%%

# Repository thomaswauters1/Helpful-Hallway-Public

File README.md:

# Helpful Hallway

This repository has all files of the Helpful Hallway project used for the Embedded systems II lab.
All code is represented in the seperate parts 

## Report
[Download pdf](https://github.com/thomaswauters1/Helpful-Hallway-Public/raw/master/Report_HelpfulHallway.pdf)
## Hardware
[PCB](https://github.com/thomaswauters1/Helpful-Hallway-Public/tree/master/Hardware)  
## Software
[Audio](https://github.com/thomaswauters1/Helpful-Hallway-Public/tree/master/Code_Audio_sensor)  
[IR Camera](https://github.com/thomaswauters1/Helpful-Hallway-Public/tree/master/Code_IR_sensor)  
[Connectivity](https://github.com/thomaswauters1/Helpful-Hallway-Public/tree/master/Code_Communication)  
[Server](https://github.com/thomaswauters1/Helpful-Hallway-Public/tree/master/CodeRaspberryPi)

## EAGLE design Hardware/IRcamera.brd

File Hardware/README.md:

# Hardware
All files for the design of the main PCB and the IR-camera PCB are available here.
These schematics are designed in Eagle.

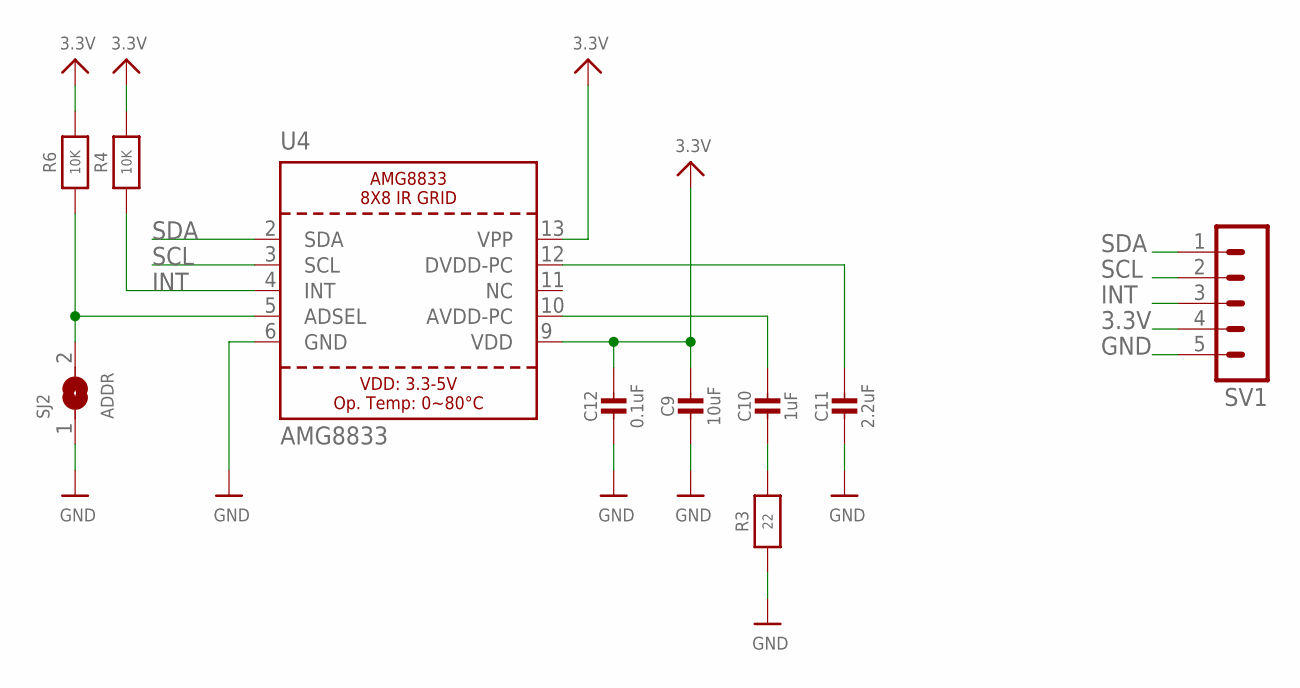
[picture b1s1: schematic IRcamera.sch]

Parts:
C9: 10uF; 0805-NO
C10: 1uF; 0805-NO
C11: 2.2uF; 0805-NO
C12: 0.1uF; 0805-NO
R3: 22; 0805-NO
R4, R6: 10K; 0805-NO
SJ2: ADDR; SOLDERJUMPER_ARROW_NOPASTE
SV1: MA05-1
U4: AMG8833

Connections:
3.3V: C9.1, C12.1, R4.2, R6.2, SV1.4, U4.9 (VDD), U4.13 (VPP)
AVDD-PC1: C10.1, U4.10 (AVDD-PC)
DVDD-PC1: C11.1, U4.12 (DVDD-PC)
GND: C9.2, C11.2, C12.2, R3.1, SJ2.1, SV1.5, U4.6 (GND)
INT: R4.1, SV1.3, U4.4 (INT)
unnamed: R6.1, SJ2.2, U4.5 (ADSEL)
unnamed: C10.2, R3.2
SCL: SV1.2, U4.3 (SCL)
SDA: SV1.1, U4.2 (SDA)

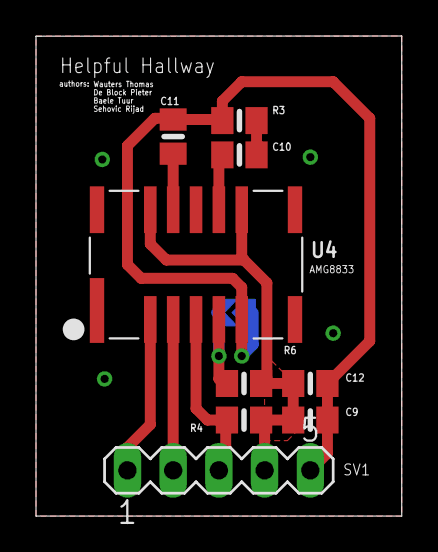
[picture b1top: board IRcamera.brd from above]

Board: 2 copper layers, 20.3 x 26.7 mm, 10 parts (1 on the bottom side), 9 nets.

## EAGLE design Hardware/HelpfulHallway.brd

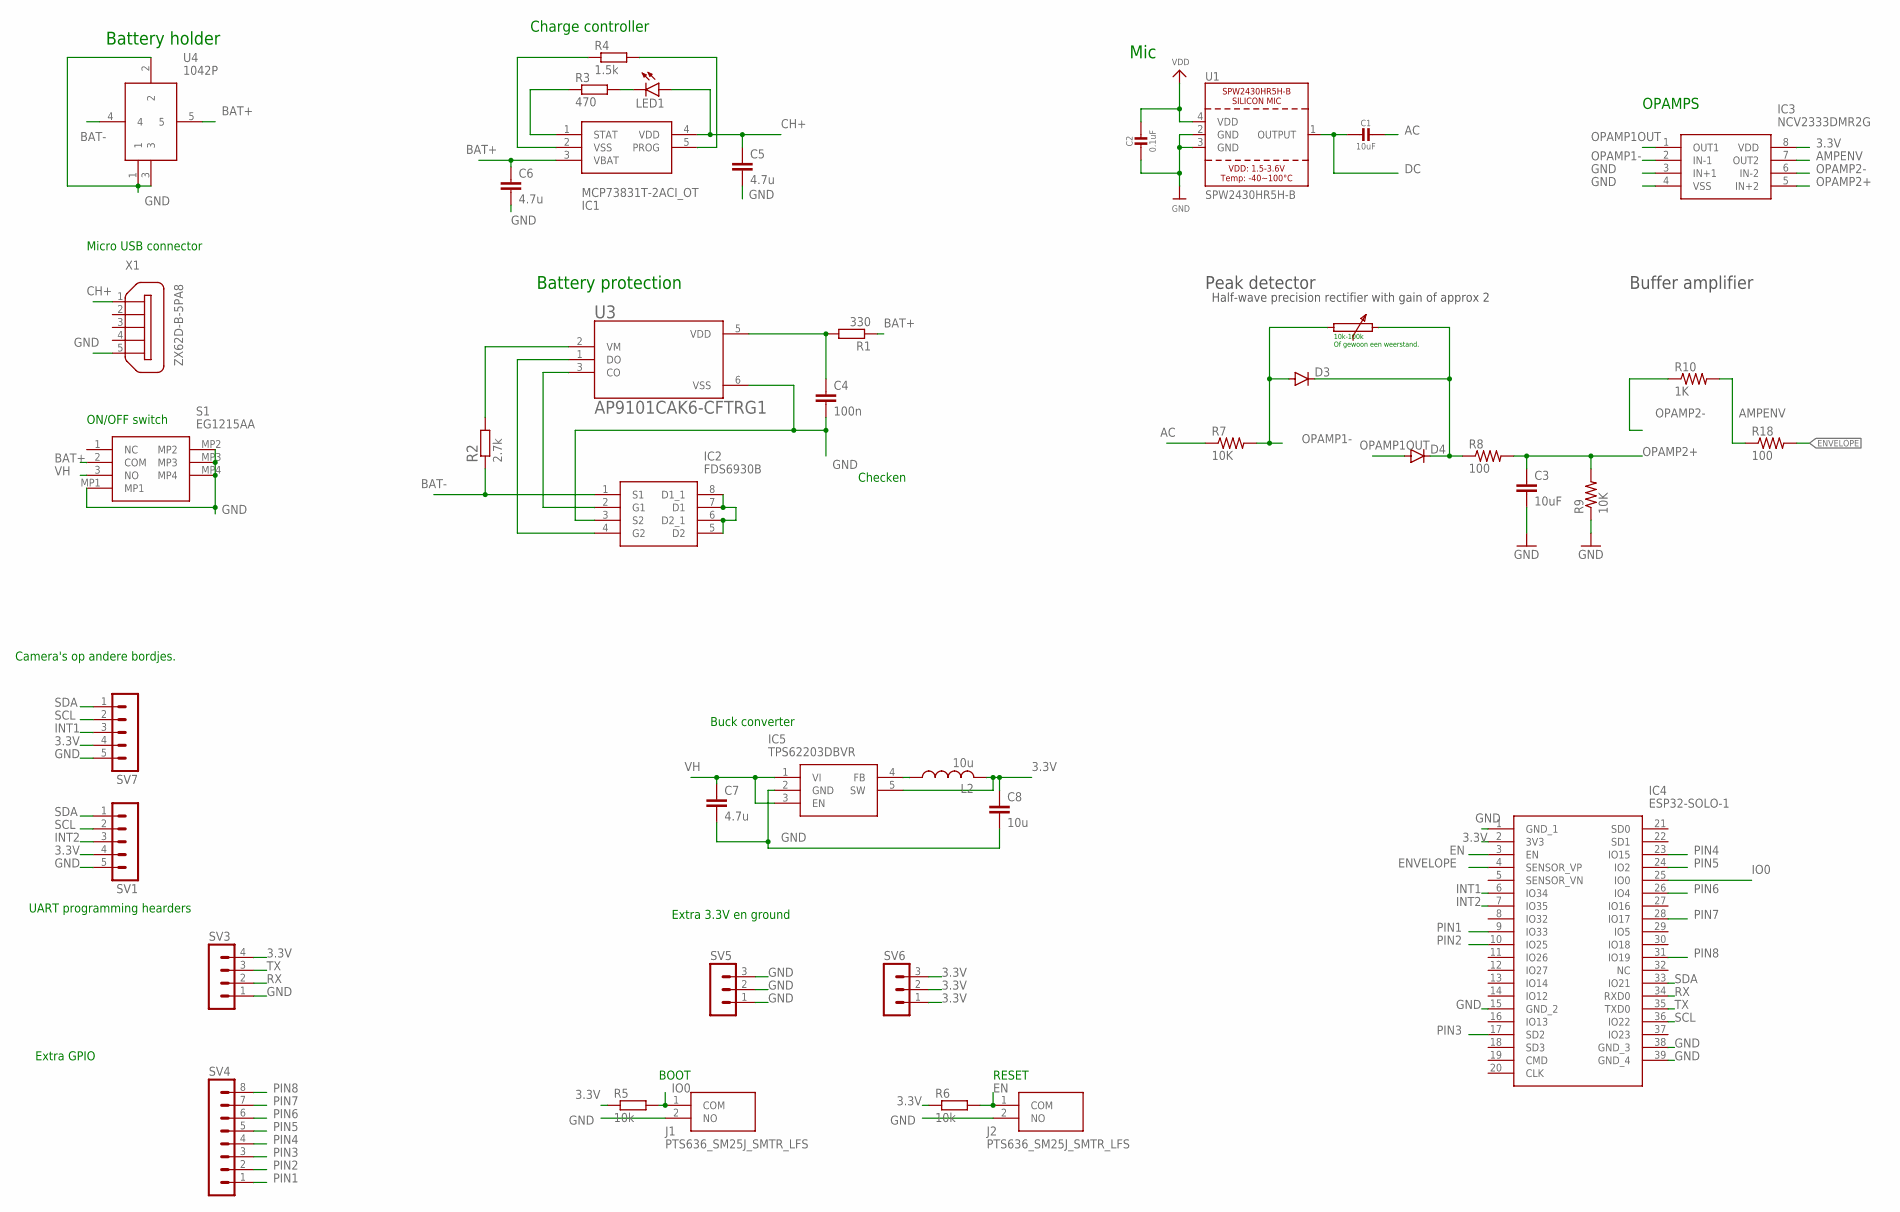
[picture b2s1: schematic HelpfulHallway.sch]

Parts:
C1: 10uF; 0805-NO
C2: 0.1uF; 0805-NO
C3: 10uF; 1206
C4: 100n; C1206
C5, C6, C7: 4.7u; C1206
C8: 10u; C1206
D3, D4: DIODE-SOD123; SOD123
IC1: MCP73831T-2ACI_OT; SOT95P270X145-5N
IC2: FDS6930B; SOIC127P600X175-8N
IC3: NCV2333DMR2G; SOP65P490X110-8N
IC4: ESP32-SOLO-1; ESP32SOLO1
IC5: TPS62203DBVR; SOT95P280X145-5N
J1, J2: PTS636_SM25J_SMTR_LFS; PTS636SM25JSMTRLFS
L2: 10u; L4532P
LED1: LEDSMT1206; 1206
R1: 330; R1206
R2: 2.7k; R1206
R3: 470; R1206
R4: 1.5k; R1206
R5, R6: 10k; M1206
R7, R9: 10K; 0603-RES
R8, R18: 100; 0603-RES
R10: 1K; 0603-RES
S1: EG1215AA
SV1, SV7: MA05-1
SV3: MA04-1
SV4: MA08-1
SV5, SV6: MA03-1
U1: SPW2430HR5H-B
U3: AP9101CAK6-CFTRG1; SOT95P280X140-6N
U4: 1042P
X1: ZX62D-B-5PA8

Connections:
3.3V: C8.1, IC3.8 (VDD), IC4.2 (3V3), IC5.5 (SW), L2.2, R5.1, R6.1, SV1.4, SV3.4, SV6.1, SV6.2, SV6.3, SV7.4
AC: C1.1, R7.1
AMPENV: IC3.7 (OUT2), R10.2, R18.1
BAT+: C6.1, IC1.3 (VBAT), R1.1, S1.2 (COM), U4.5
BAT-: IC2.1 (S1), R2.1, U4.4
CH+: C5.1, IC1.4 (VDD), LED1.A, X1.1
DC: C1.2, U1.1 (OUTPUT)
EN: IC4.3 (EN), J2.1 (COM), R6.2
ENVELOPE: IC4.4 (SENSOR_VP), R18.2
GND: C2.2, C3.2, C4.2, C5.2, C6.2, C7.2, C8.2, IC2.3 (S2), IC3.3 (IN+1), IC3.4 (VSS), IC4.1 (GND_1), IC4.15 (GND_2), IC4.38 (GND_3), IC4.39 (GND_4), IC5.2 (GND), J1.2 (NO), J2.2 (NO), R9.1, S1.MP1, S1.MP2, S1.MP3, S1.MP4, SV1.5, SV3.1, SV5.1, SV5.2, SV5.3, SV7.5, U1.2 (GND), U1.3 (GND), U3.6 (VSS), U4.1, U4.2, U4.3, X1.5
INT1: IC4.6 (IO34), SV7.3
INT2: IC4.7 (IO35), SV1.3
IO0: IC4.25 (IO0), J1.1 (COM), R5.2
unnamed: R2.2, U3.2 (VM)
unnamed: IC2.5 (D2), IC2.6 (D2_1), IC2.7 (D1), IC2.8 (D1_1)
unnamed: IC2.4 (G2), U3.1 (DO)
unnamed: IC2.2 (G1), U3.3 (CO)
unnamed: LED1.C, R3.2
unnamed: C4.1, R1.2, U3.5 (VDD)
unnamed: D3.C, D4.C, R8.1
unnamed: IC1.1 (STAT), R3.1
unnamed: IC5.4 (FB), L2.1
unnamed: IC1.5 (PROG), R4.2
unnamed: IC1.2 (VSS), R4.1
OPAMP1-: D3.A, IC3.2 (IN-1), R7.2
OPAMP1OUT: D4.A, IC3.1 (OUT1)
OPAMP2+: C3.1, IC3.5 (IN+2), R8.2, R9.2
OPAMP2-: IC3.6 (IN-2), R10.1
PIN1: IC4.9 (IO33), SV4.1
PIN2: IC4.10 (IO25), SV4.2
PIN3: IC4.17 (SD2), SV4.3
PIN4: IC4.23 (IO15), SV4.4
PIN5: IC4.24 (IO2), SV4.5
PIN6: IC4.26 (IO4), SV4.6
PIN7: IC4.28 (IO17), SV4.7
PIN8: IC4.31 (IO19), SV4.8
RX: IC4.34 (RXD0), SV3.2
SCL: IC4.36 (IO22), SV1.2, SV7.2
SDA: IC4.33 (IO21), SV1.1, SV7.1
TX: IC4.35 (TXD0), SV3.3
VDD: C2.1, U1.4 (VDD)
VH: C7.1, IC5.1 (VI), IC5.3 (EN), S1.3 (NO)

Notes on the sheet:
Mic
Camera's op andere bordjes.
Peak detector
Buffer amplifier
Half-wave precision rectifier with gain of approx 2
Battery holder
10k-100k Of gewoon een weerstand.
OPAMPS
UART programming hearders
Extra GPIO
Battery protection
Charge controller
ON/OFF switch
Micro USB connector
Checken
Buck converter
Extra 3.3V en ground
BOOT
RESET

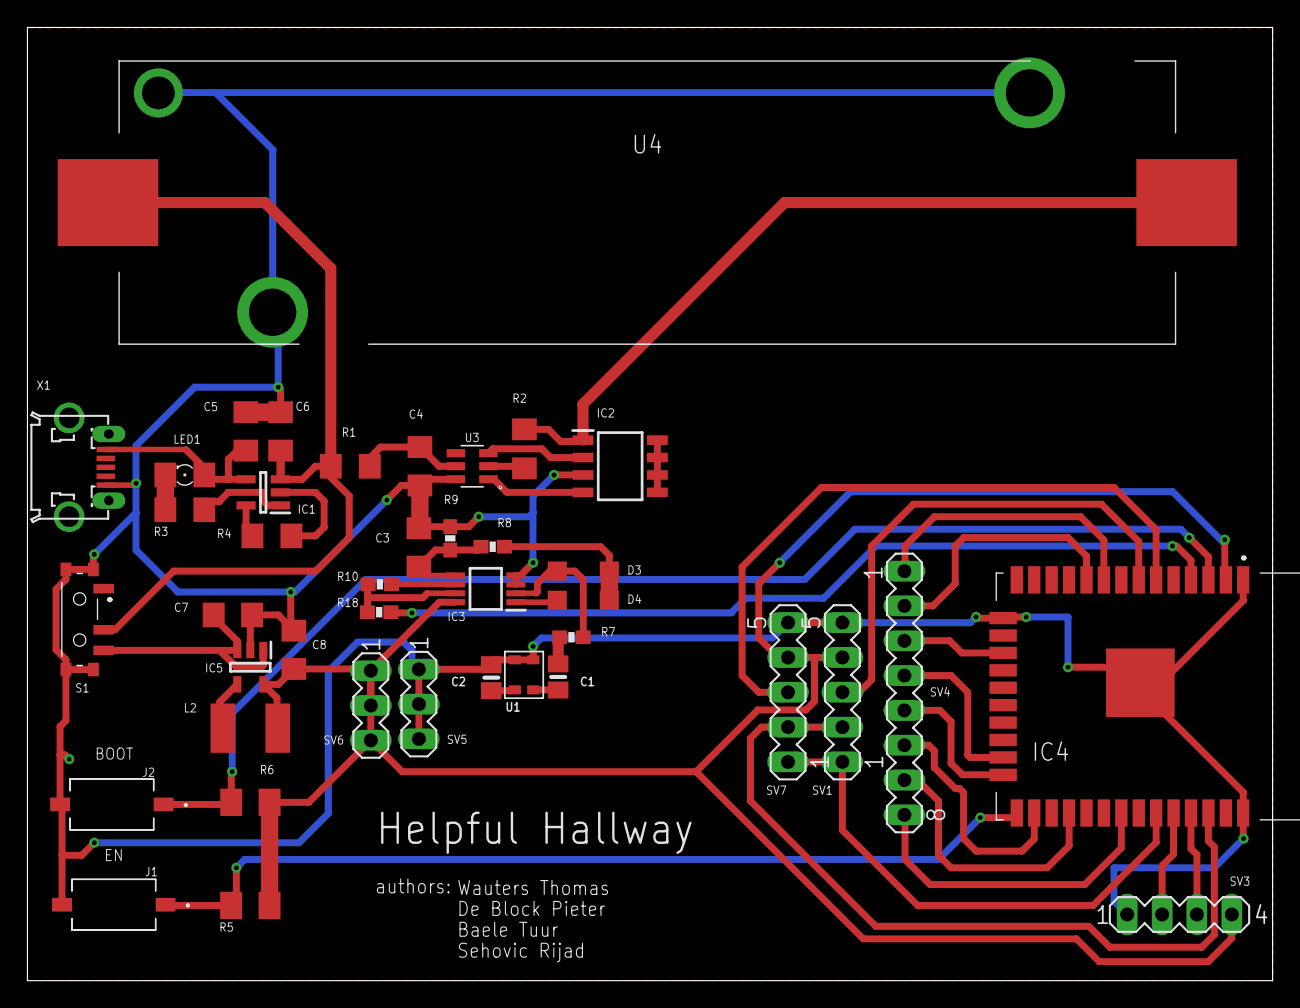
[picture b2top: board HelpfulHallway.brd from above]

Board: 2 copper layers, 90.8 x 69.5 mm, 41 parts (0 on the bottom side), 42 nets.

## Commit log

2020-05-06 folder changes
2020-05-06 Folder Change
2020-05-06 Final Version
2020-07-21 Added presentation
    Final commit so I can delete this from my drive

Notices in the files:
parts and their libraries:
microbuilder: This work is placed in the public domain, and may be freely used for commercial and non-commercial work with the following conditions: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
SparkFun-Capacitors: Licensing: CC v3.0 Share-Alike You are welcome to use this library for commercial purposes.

%%

- _To do_: Restate the lines above from the one containing "AVDD-PC1: C10.1, U4.10 (AVDD-PC)" through the one containing "ENVELOPE: IC4.4 (SENSOR_VP), R18.2", inclusive, exactly and without pictures.

- _Solution to the problem_:
AVDD-PC1: C10.1, U4.10 (AVDD-PC)
DVDD-PC1: C11.1, U4.12 (DVDD-PC)
GND: C9.2, C11.2, C12.2, R3.1, SJ2.1, SV1.5, U4.6 (GND)
INT: R4.1, SV1.3, U4.4 (INT)
unnamed: R6.1, SJ2.2, U4.5 (ADSEL)
unnamed: C10.2, R3.2
SCL: SV1.2, U4.3 (SCL)
SDA: SV1.1, U4.2 (SDA)

[picture b1top: board IRcamera.brd from above]

Board: 2 copper layers, 20.3 x 26.7 mm, 10 parts (1 on the bottom side), 9 nets.

## EAGLE design Hardware/HelpfulHallway.brd

[picture b2s1: schematic HelpfulHallway.sch]

Parts:
C1: 10uF; 0805-NO
C2: 0.1uF; 0805-NO
C3: 10uF; 1206
C4: 100n; C1206
C5, C6, C7: 4.7u; C1206
C8: 10u; C1206
D3, D4: DIODE-SOD123; SOD123
IC1: MCP73831T-2ACI_OT; SOT95P270X145-5N
IC2: FDS6930B; SOIC127P600X175-8N
IC3: NCV2333DMR2G; SOP65P490X110-8N
IC4: ESP32-SOLO-1; ESP32SOLO1
IC5: TPS62203DBVR; SOT95P280X145-5N
J1, J2: PTS636_SM25J_SMTR_LFS; PTS636SM25JSMTRLFS
L2: 10u; L4532P
LED1: LEDSMT1206; 1206
R1: 330; R1206
R2: 2.7k; R1206
R3: 470; R1206
R4: 1.5k; R1206
R5, R6: 10k; M1206
R7, R9: 10K; 0603-RES
R8, R18: 100; 0603-RES
R10: 1K; 0603-RES
S1: EG1215AA
SV1, SV7: MA05-1
SV3: MA04-1
SV4: MA08-1
SV5, SV6: MA03-1
U1: SPW2430HR5H-B
U3: AP9101CAK6-CFTRG1; SOT95P280X140-6N
U4: 1042P
X1: ZX62D-B-5PA8

Connections:
3.3V: C8.1, IC3.8 (VDD), IC4.2 (3V3), IC5.5 (SW), L2.2, R5.1, R6.1, SV1.4, SV3.4, SV6.1, SV6.2, SV6.3, SV7.4
AC: C1.1, R7.1
AMPENV: IC3.7 (OUT2), R10.2, R18.1
BAT+: C6.1, IC1.3 (VBAT), R1.1, S1.2 (COM), U4.5
BAT-: IC2.1 (S1), R2.1, U4.4
CH+: C5.1, IC1.4 (VDD), LED1.A, X1.1
DC: C1.2, U1.1 (OUTPUT)
EN: IC4.3 (EN), J2.1 (COM), R6.2
ENVELOPE: IC4.4 (SENSOR_VP), R18.2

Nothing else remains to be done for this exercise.